→ **WHAT THE TASK REQUIRES**: Some entries follow. Reproduce exactly the lines starting at the one with "#19=CARTESIAN_POINT('',(0.,0.,0.));" and stopping after the one with "#30=VERTEX_POINT('',#29);".

→ **DATA FOR THIS TASK**:

-------------------------

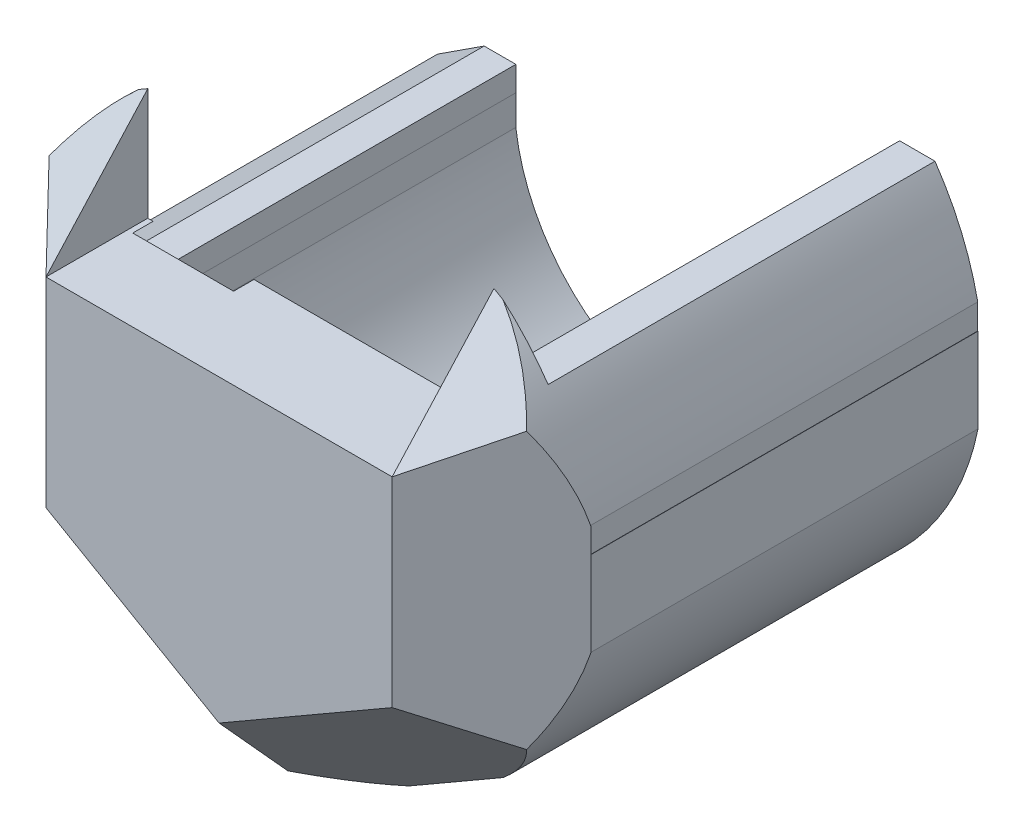
ISO-10303-21;
HEADER;
FILE_DESCRIPTION(('STEP AP214'),'2;1');
FILE_NAME('part.step','',(''),(''),'','','');
FILE_SCHEMA(('AUTOMOTIVE_DESIGN { 1 0 10303 214 1 1 1 1 }'));
ENDSEC;
DATA;
#1=APPLICATION_CONTEXT('core data for automotive mechanical design processes');
#2=APPLICATION_PROTOCOL_DEFINITION('international standard','automotive_design',2000,#1);
#3=PRODUCT_CONTEXT('',#1,'mechanical');
#4=PRODUCT('Part','Part','',(#3));
#5=PRODUCT_RELATED_PRODUCT_CATEGORY('part','',(#4));
#6=PRODUCT_DEFINITION_FORMATION('','',#4);
#7=PRODUCT_DEFINITION_CONTEXT('part definition',#1,'design');
#8=PRODUCT_DEFINITION('design','',#6,#7);
#9=PRODUCT_DEFINITION_SHAPE('','',#8);
#10=(LENGTH_UNIT() NAMED_UNIT(*) SI_UNIT(.MILLI.,.METRE.));
#11=(NAMED_UNIT(*) PLANE_ANGLE_UNIT() SI_UNIT($,.RADIAN.));
#12=(NAMED_UNIT(*) SI_UNIT($,.STERADIAN.) SOLID_ANGLE_UNIT());
#13=UNCERTAINTY_MEASURE_WITH_UNIT(LENGTH_MEASURE(1.E-05),#10,'distance_accuracy_value','');
#14=(GEOMETRIC_REPRESENTATION_CONTEXT(3) GLOBAL_UNCERTAINTY_ASSIGNED_CONTEXT((#13)) GLOBAL_UNIT_ASSIGNED_CONTEXT((#10,
#11,#12)) REPRESENTATION_CONTEXT('',''));
#15=CARTESIAN_POINT('',(0.,0.,0.));
#16=DIRECTION('',(0.,0.,1.));
#17=DIRECTION('',(1.,0.,0.));
#18=AXIS2_PLACEMENT_3D('',#15,#16,#17);
#19=CARTESIAN_POINT('',(0.,0.,0.));
#20=DIRECTION('',(0.,0.,1.));
#21=DIRECTION('',(1.,0.,0.));
#22=AXIS2_PLACEMENT_3D('',#19,#20,#21);
#23=PLANE('',#22);
#24=CARTESIAN_POINT('',(0.,0.,0.));
#25=DIRECTION('',(0.,0.,1.));
#26=DIRECTION('',(1.,0.,0.));
#27=AXIS2_PLACEMENT_3D('',#24,#25,#26);
#28=CIRCLE('',#27,13.5381596898551);
#29=CARTESIAN_POINT('',(13.2604441828742,2.72807402042074,0.));
#30=VERTEX_POINT('',#29);
#31=CARTESIAN_POINT('',(11.160559995125,7.66313698058651,0.));
#32=VERTEX_POINT('',#31);
#33=EDGE_CURVE('E257',#30,#32,#28,.T.);
#34=ORIENTED_EDGE('',*,*,#33,.F.);
#35=DIRECTION('',(0.,-1.,0.));
#36=VECTOR('',#35,1.);
#37=CARTESIAN_POINT('',(13.2604441828743,7.66313698058651,0.));
#38=LINE('',#37,#36);
#39=CARTESIAN_POINT('',(13.2604441828742,1.49032950457588,0.));
#40=VERTEX_POINT('',#39);
#41=EDGE_CURVE('E253',#30,#40,#38,.T.);
#42=ORIENTED_EDGE('',*,*,#41,.T.);
#43=DIRECTION('',(-1.,0.,0.));
#44=VECTOR('',#43,1.);
#45=CARTESIAN_POINT('',(9.42346744244318,1.4903295045759,0.));
#46=LINE('',#45,#44);
#47=CARTESIAN_POINT('',(13.2729425957357,1.4903295045759,0.));
#48=VERTEX_POINT('',#47);
#49=EDGE_CURVE('E594',#48,#40,#46,.T.);
#50=ORIENTED_EDGE('',*,*,#49,.F.);
#51=DIRECTION('',(0.,1.,0.));
#52=VECTOR('',#51,1.);
#53=CARTESIAN_POINT('',(13.2729425957357,-7.66313698058642,0.));
#54=LINE('',#53,#52);
#55=CARTESIAN_POINT('',(13.2729425957357,-2.66660132721843,0.));
#56=VERTEX_POINT('',#55);
#57=EDGE_CURVE('E596',#56,#48,#54,.T.);
#58=ORIENTED_EDGE('',*,*,#57,.F.);
#59=CARTESIAN_POINT('',(0.,0.,0.));
#60=DIRECTION('',(0.,0.,1.));
#61=DIRECTION('',(-1.,0.,0.));
#62=AXIS2_PLACEMENT_3D('',#59,#60,#61);
#63=CIRCLE('',#62,13.5381596898551);
#64=CARTESIAN_POINT('',(8.94581578900438,-10.1614048072704,0.));
#65=VERTEX_POINT('',#64);
#66=EDGE_CURVE('E992',#65,#56,#63,.T.);
#67=ORIENTED_EDGE('',*,*,#66,.F.);
#68=DIRECTION('',(0.866025403784438,0.500000000000001,0.));
#69=VECTOR('',#68,1.);
#70=CARTESIAN_POINT('',(0.,-15.3262739611729,0.));
#71=LINE('',#70,#69);
#72=CARTESIAN_POINT('',(4.32712680673132,-12.8280061344889,0.));
#73=VERTEX_POINT('',#72);
#74=EDGE_CURVE('E598',#73,#65,#71,.T.);
#75=ORIENTED_EDGE('',*,*,#74,.F.);
#76=CARTESIAN_POINT('',(-4.32712680673148,-12.8280061344889,0.));
#77=VERTEX_POINT('',#76);
#78=EDGE_CURVE('E701',#77,#73,#63,.T.);
#79=ORIENTED_EDGE('',*,*,#78,.F.);
#80=DIRECTION('',(0.866025403784441,-0.499999999999995,0.));
#81=VECTOR('',#80,1.);
#82=CARTESIAN_POINT('',(-13.2729425957356,-7.6631369805866,0.));
#83=LINE('',#82,#81);
#84=CARTESIAN_POINT('',(-8.94581578900411,-10.1614048072706,0.));
#85=VERTEX_POINT('',#84);
#86=EDGE_CURVE('E600',#85,#77,#83,.T.);
#87=ORIENTED_EDGE('',*,*,#86,.F.);
#88=CARTESIAN_POINT('',(-13.2729425957356,-2.66660132721866,0.));
#89=VERTEX_POINT('',#88);
#90=EDGE_CURVE('E997',#89,#85,#63,.T.);
#91=ORIENTED_EDGE('',*,*,#90,.F.);
#92=DIRECTION('',(0.,-1.,0.));
#93=VECTOR('',#92,1.);
#94=CARTESIAN_POINT('',(-13.2729425957357,-1.38212943083818E-13,0.));
#95=LINE('',#94,#93);
#96=CARTESIAN_POINT('',(-13.2729425957357,-1.38212943083818E-13,0.));
#97=VERTEX_POINT('',#96);
#98=EDGE_CURVE('E467',#97,#89,#95,.T.);
#99=ORIENTED_EDGE('',*,*,#98,.F.);
#100=DIRECTION('',(-0.838275285606039,-0.545247233410784,0.));
#101=VECTOR('',#100,1.);
#102=CARTESIAN_POINT('',(-13.2729425957357,-1.38212943083818E-13,0.));
#103=LINE('',#102,#101);
#104=CARTESIAN_POINT('',(-10.9816766991981,1.4903295045759,0.));
#105=VERTEX_POINT('',#104);
#106=EDGE_CURVE('E506',#105,#97,#103,.T.);
#107=ORIENTED_EDGE('',*,*,#106,.F.);
#108=DIRECTION('',(-1.,0.,0.));
#109=VECTOR('',#108,1.);
#110=CARTESIAN_POINT('',(-9.42346744244318,1.4903295045759,0.));
#111=LINE('',#110,#109);
#112=CARTESIAN_POINT('',(-9.42346744244318,1.4903295045759,0.));
#113=VERTEX_POINT('',#112);
#114=EDGE_CURVE('E566',#113,#105,#111,.T.);
#115=ORIENTED_EDGE('',*,*,#114,.F.);
#116=DIRECTION('',(-0.00448306408674594,0.999989951017706,0.));
#117=VECTOR('',#116,1.);
#118=CARTESIAN_POINT('',(-9.41807048566655,0.286487123946724,0.));
#119=LINE('',#118,#117);
#120=CARTESIAN_POINT('',(-9.41807048566655,0.286487123946724,0.));
#121=VERTEX_POINT('',#120);
#122=EDGE_CURVE('E568',#121,#113,#119,.T.);
#123=ORIENTED_EDGE('',*,*,#122,.F.);
#124=DIRECTION('',(0.00448306408674817,0.999989951017706,0.));
#125=VECTOR('',#124,1.);
#126=CARTESIAN_POINT('',(-9.41807048566655,0.286487123946724,0.));
#127=LINE('',#126,#125);
#128=CARTESIAN_POINT('',(-9.42470630972269,-1.19369634977802,0.));
#129=VERTEX_POINT('',#128);
#130=EDGE_CURVE('E583',#129,#121,#127,.T.);
#131=ORIENTED_EDGE('',*,*,#130,.F.);
#132=CARTESIAN_POINT('',(0.,0.,0.));
#133=DIRECTION('',(0.,0.,-1.));
#134=DIRECTION('',(1.,0.,0.));
#135=AXIS2_PLACEMENT_3D('',#132,#133,#134);
#136=CIRCLE('',#135,9.5);
#137=CARTESIAN_POINT('',(9.41096902958176,-1.29755998869144,0.));
#138=VERTEX_POINT('',#137);
#139=EDGE_CURVE('E588',#138,#129,#136,.T.);
#140=ORIENTED_EDGE('',*,*,#139,.F.);
#141=DIRECTION('',(-0.00448306408674953,-0.999989951017706,0.));
#142=VECTOR('',#141,1.);
#143=CARTESIAN_POINT('',(9.41807048566655,0.286487123946724,0.));
#144=LINE('',#143,#142);
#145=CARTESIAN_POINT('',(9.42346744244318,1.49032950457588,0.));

-------------------------

→ **ANSWER TO THIS EXERCISE**:
#19=CARTESIAN_POINT('',(0.,0.,0.));
#20=DIRECTION('',(0.,0.,1.));
#21=DIRECTION('',(1.,0.,0.));
#22=AXIS2_PLACEMENT_3D('',#19,#20,#21);
#23=PLANE('',#22);
#24=CARTESIAN_POINT('',(0.,0.,0.));
#25=DIRECTION('',(0.,0.,1.));
#26=DIRECTION('',(1.,0.,0.));
#27=AXIS2_PLACEMENT_3D('',#24,#25,#26);
#28=CIRCLE('',#27,13.5381596898551);
#29=CARTESIAN_POINT('',(13.2604441828742,2.72807402042074,0.));
#30=VERTEX_POINT('',#29);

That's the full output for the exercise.